There is nothing that hurts more and matters less than opinion. Nothing more cheaply bought that should be priceless. Perhaps the key to surviving the run of them is to hold your own above all others. Arrogant? Not really, they’re just opinions. It doesn’t matter how laughably uncool Chesney Hawkes is considered to be, when The One and Only comes on the radio I crank it up and warble at the top of my lungs. If I can feel the joy behind the mole perhaps I can see past my own image.

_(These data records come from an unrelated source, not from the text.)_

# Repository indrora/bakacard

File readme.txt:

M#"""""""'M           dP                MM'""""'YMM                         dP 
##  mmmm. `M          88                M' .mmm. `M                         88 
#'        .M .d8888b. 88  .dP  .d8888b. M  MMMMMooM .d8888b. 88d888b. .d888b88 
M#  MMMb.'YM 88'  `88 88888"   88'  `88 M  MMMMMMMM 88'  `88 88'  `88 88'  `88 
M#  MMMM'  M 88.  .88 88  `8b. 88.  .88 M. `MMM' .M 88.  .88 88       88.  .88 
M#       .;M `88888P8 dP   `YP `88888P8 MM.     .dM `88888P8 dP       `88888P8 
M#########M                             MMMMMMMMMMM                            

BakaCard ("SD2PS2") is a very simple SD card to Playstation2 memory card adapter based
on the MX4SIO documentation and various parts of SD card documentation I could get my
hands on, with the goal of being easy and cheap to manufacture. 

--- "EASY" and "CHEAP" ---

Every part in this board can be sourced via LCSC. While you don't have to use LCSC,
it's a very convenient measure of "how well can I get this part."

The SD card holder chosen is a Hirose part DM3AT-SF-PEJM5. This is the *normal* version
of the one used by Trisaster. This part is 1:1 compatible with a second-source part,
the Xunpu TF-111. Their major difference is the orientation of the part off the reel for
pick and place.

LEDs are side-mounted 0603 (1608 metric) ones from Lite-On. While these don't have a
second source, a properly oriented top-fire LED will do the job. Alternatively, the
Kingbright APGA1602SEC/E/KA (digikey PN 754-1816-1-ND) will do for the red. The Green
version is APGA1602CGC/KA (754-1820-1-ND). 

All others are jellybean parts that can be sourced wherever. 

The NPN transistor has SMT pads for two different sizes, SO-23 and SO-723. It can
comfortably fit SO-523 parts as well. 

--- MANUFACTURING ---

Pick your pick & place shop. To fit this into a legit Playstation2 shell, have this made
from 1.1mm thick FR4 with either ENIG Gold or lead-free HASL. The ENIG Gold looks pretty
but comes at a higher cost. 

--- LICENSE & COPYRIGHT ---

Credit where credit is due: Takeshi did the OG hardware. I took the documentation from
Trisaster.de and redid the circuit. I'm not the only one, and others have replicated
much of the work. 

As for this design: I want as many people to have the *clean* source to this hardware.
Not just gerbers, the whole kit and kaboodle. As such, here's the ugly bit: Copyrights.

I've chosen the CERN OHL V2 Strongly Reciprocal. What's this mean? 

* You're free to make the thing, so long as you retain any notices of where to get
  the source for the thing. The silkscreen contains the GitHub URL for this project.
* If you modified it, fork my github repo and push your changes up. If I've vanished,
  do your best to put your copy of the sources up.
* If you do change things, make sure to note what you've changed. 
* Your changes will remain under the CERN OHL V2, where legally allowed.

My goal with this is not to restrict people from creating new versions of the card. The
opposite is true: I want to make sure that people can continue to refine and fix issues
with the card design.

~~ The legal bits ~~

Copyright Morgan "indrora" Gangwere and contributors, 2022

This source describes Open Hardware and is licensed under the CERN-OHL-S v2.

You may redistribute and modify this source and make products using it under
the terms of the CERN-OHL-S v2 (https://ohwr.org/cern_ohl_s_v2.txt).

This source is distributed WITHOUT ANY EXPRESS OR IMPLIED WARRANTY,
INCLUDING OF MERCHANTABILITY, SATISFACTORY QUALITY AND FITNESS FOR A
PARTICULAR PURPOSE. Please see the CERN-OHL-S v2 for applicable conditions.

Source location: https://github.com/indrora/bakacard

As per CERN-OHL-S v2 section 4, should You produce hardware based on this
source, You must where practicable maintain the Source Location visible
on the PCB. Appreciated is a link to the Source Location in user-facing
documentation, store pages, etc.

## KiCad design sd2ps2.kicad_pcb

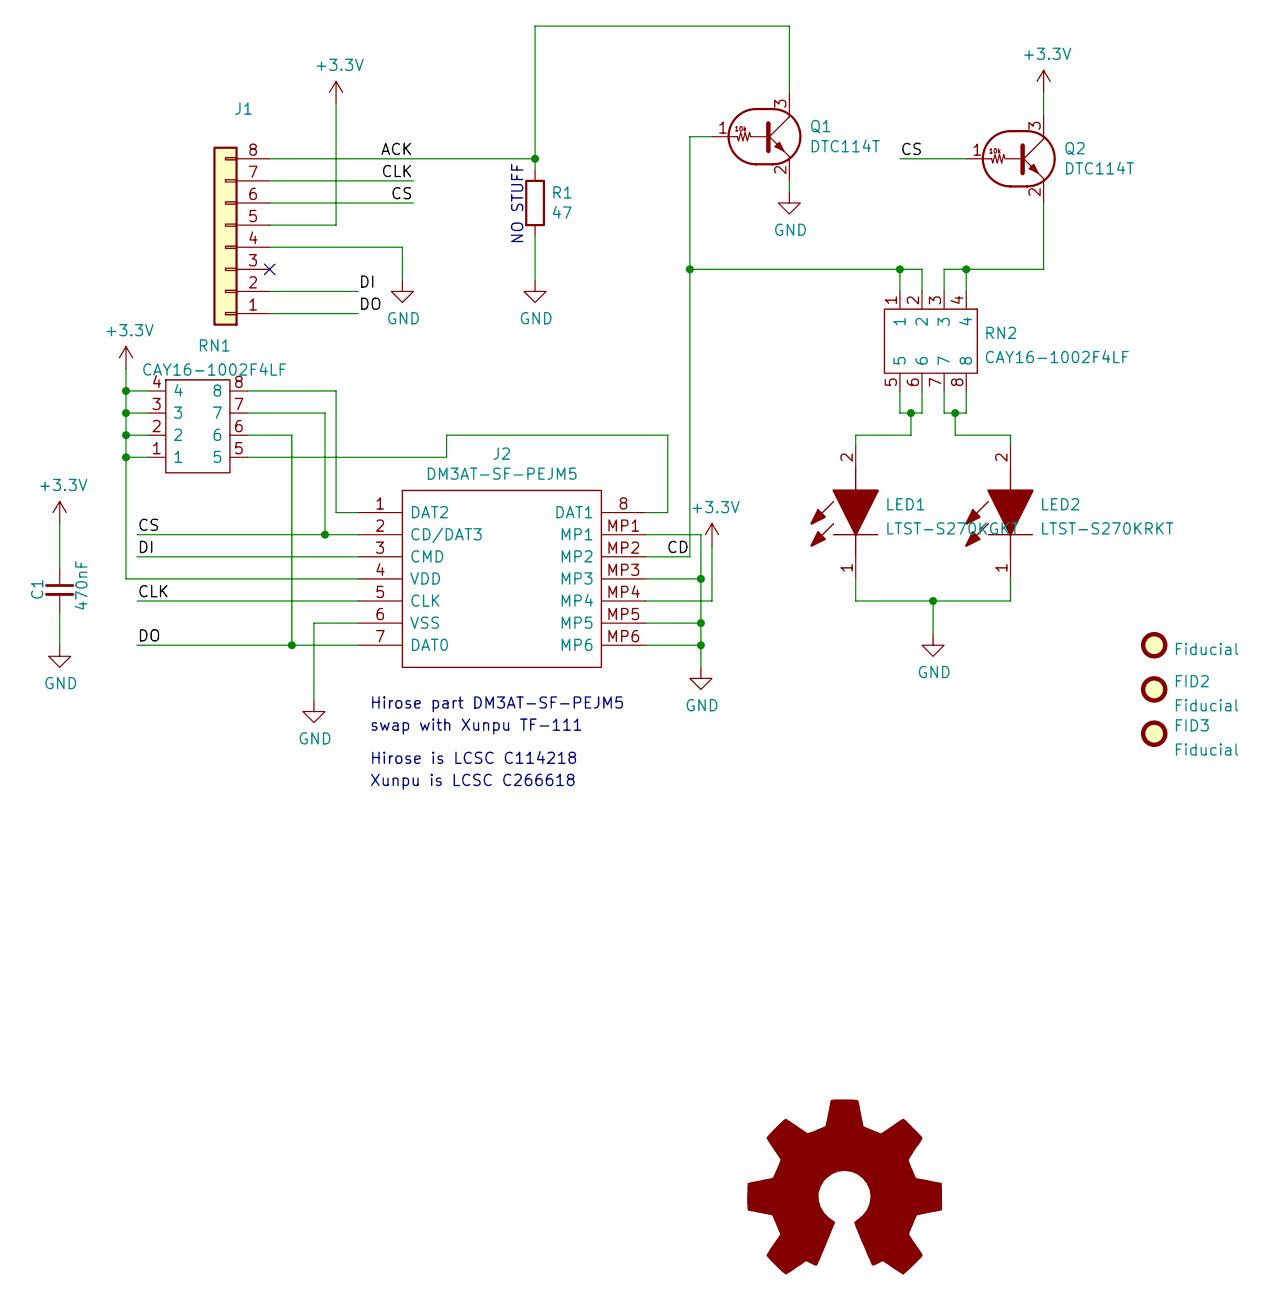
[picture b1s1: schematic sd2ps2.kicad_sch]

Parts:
C1: 470nF; C_1206_3216Metric; LCSC C29823
FID1, FID2: Fiducial; Fiducial_0.75mm_Mask1.5mm
FID3: Fiducial; Fiducial_1mm_Mask2mm
J1: PlayStation_Memory_Card
J2: DM3AT-SF-PEJM5; DM3ATSFPEJM5; Manufacturer_Part_Number DM3AT-SF-PEJM5; Mouser Part Number 798-DM3AT-SF-PEJM5
LED1: LTST-S270KGKT; LTSTS270KxKT; Manufacturer_Part_Number LTST-S270KGKT; Mouser Part Number 859-LTST-S270KGKT
LED2: LTST-S270KRKT; LTSTS270KxKT; Manufacturer_Part_Number LTST-S270KRKT; Mouser Part Number 859-LTST-S270KRKT
Q1: DTC114T; SOT-7_23Combo; LCSC C552156
Q2: DTC114T; SOT-7_23Combo; LCSC C110682
R1: 47; R_1206_3216Metric; LCSC C319585
RN1, RN2: CAY16-1002F4LF; R_Array_Convex_4x1206; Manufacturer_Part_Number CAY16-1002F4LF; Mouser Part Number 652-CAY16-1002F4LF

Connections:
+3V3: C1.1, J1.5, J2.4 (VDD), J2.MP4, Q2.3 (C), RN1.1, RN1.2, RN1.3, RN1.4
/ACK: J1.8, Q1.3 (C), R1.1
/CD: J2.MP2, Q1.1 (B), RN2.1, RN2.2
/CLK: J1.7, J2.5 (CLK)
/CS: J1.6, J2.2 (CD/DAT3), Q2.1 (B), RN1.7
/DI: J1.2, J2.3 (CMD)
/DO: J1.1, J2.7 (DAT0), RN1.6
GND: C1.2, J1.4, J2.6 (VSS), J2.MP1, J2.MP3, J2.MP5, J2.MP6, LED1.1, LED2.1, Q1.2 (E), R1.2
unnamed: J2.1 (DAT2), RN1.8
unnamed: J2.8 (DAT1), RN1.5
unnamed: LED1.2, RN2.5, RN2.6
unnamed: LED2.2, RN2.7, RN2.8
unnamed: Q2.2 (E), RN2.3, RN2.4

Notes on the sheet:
swap with Xunpu TF-111
NO STUFF
Xunpu is LCSC C266618
Hirose part DM3AT-SF-PEJM5
Hirose is LCSC C114218

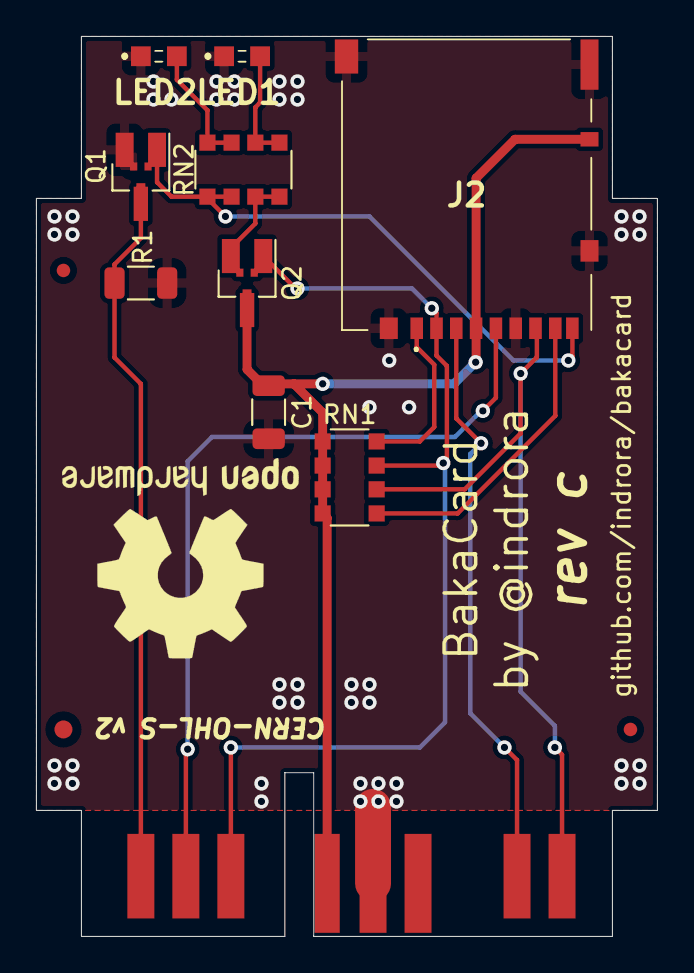
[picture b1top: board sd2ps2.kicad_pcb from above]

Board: 2 copper layers, 34.5 x 50.0 mm, 13 parts (0 on the bottom side), 13 nets.

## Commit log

2022-02-09 Fix VSS-D0 pin snafu
    I misread the instructions on the tin. Ground is important.
    also clean up some things that git doesn't need to know about in kicad's world
2022-02-11 rev b
2022-02-11 update gitignore
2022-02-11 readme and license
2022-02-11 clean up
2022-02-11 Add eratta as separate file
2022-02-17 rev c
2022-02-18 update tweaks
2022-02-18 adjust dims
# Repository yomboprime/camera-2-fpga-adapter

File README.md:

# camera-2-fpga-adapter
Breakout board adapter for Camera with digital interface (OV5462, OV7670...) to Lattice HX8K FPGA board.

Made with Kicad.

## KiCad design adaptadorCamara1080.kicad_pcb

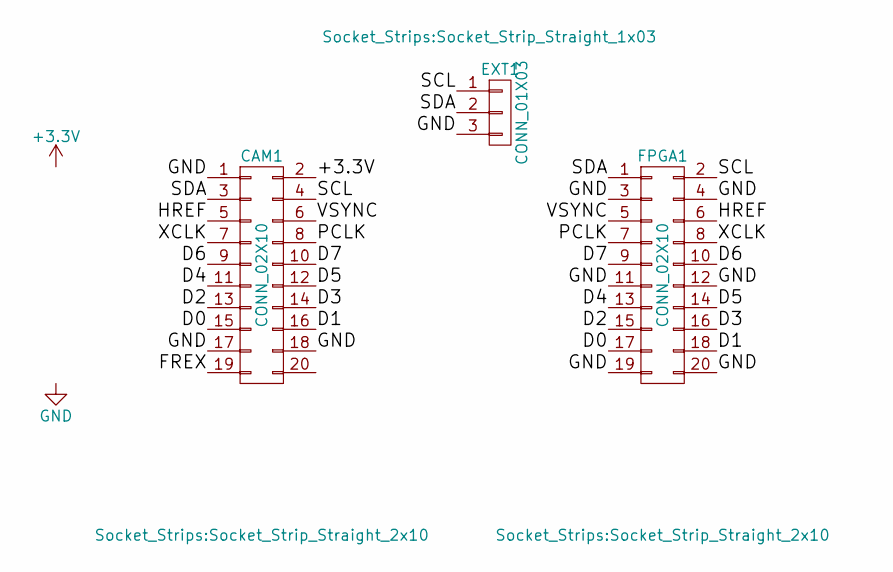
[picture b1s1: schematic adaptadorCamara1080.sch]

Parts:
CAM1: CONN_02X10; Socket_Strip_Straight_2x10
EXT1: CONN_01X03; Socket_Strip_Straight_1x03
FPGA1: CONN_02X10; Socket_Strip_Straight_2x10

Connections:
/+3.3V: CAM1.2
/D0: CAM1.15, FPGA1.17
/D1: CAM1.16, FPGA1.18
/D2: CAM1.13, FPGA1.15
/D3: CAM1.14, FPGA1.16
/D4: CAM1.11, FPGA1.13
/D5: CAM1.12, FPGA1.14
/D6: CAM1.9, FPGA1.10
/D7: CAM1.10, FPGA1.9
/FREX: CAM1.19
/HREF: CAM1.5, FPGA1.6
/PCLK: CAM1.8, FPGA1.7
/SCL: CAM1.4, EXT1.1, FPGA1.2
/SDA: CAM1.3, EXT1.2, FPGA1.1
/VSYNC: CAM1.6, FPGA1.5
/XCLK: CAM1.7, FPGA1.8
GND: CAM1.1, CAM1.17, CAM1.18, EXT1.3, FPGA1.3, FPGA1.4, FPGA1.11, FPGA1.12, FPGA1.19, FPGA1.20

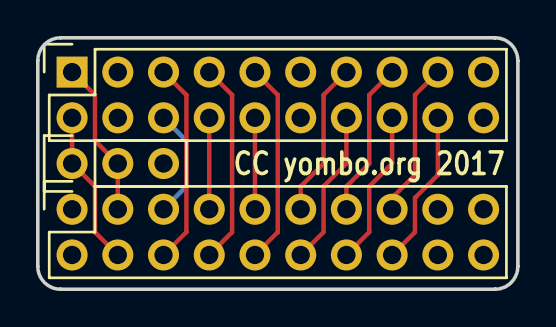
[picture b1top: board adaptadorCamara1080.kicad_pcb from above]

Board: 2 copper layers, 26.7 x 14.0 mm, 3 parts (0 on the bottom side), 15 nets.

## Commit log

2017-11-23 Change readme
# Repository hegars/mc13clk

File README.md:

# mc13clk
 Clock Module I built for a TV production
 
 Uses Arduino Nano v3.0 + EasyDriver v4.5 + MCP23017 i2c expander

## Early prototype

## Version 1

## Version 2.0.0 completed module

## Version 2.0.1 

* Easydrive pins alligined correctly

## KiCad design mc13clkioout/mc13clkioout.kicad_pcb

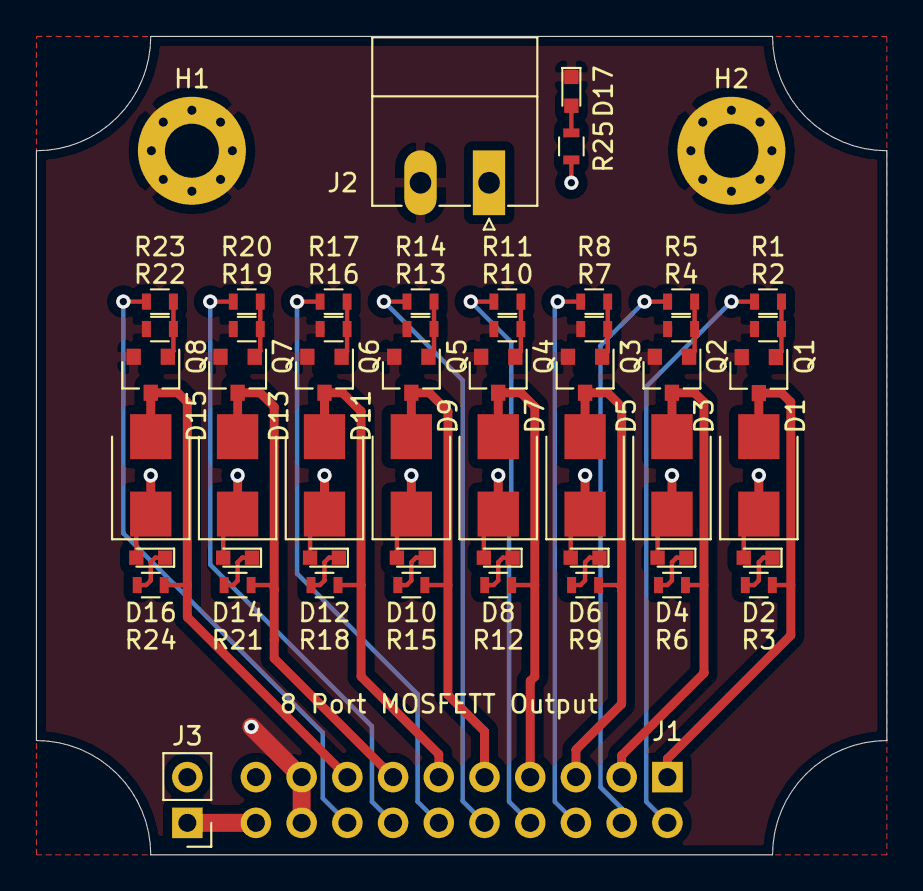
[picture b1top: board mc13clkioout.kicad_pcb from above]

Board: 2 copper layers, 47.2 x 45.5 mm, 55 parts (1 on the bottom side), 36 nets.

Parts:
D1, D3, D5, D7, D9, D11, D13, D15: 1N4004; D_SMB
D2, D4, D6, D8, D10, D12, D14, D16, D17: LED; LED_0603
H1, H2: MountingHole_Pad; MountingHole_3mm_Pad_Via
J1: Conn_02x10_Counter_Clockwise; Socket_Strip_Angled_2x10_Pitch2.54mm
J2: 5-24Vdc; PhoenixContact_MC-G_02x3.81mm_Angled
J3: VBUS Tie; Pin_Header_Straight_1x02_Pitch2.54mm
Q1, Q2, Q3, Q4, Q5, Q6, Q7, Q8: 2N7002; SOT-23
R1, R3, R4, R6, R7, R9, R10, R12, R13, R15, R16, R18, R19, R21, R22, R24: 1K; R_0603
R2, R5, R8, R11, R14, R17, R20, R23: 10K; R_0603
R25: 2K2; R_0603

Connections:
/Input1: J1.2, R1.2
/Input2: J1.4, R4.2
/Input3: J1.6, R7.2
/Input4: J1.8, R10.2
/Input5: J1.10, R13.2
/Input6: J1.12, R16.2
/Input7: J1.14, R19.2
/Input8: J1.16, R22.2
/Output1: D1.2, J1.1, Q1.3, R3.1
/Output2: D3.2, J1.3, Q2.3, R6.1
/Output3: D5.2, J1.5, Q3.3, R9.1
/Output4: D7.2, J1.7, Q4.3, R12.1
/Output5: D9.2, J1.9, Q5.3, R15.1
/Output6: D11.2, J1.11, Q6.3, R18.1
/Output7: D13.2, J1.13, Q7.3, R21.1
/Output8: D15.2, J1.15, Q8.3, R24.1
GND: D17.1, H1.1, H2.1, J1.17, J1.18, J2.2, Q1.2, Q2.2, Q3.2, Q4.2, Q5.2, Q6.2, Q7.2, Q8.2, R2.1, R5.1, R8.1, R11.1, R14.1, R17.1, R20.1, R23.1
unnamed: D2.1, R3.2
unnamed: D4.1, R6.2
unnamed: D6.1, R9.2
unnamed: D8.1, R12.2
unnamed: D10.1, R15.2
unnamed: D12.1, R18.2
unnamed: D14.1, R21.2
unnamed: D16.1, R24.2
unnamed: D17.2, R25.1
unnamed: Q1.1, R1.1, R2.2
unnamed: Q2.1, R4.1, R5.2
unnamed: Q3.1, R7.1, R8.2
unnamed: Q4.1, R10.1, R11.2
unnamed: Q5.1, R13.1, R14.2
unnamed: Q6.1, R16.1, R17.2
unnamed: Q7.1, R19.1, R20.2
unnamed: Q8.1, R22.1, R23.2
VBUS: J1.20, J3.1
VCC: D1.1, D2.2, D3.1, D4.2, D5.1, D6.2, D7.1, D8.2, D9.1, D10.2, D11.1, D12.2, D13.1, D14.2, D15.1, D16.2, J1.19, J2.1, J3.2, R25.2

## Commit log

2021-02-27 updates files
2021-02-27 added complete module
2021-02-27 added proto
2021-02-27 added version 1
2021-02-27 v1rat

When I first started writing I heard the voices of rejection past, present and future, really? just cause it interests you, ya weirdo…. They nearly ruined a perfectly good story, but I persevered and finally now in the millionth edit its coming close to what I want it to be. Once I finally stopped chickening out of being me, I found my voice. It’s still not published and in many ways I have moved far beyond it as a writer, but I will finish it, and I will love it for what it taught me. That other cornerstone of success is perseverance, but you cannot persevere without accepting failure. I must fail. I cannot avoid it any longer and I cannot make it not hurt. It will sting like every other slap in the face, cold shoulder, pointing finger and cruel mocking laugh. So how do you deal with rejection?
I tell myself I would rather be loved by one as me, than by many as someone else. I repeat it like a writer’s prayer.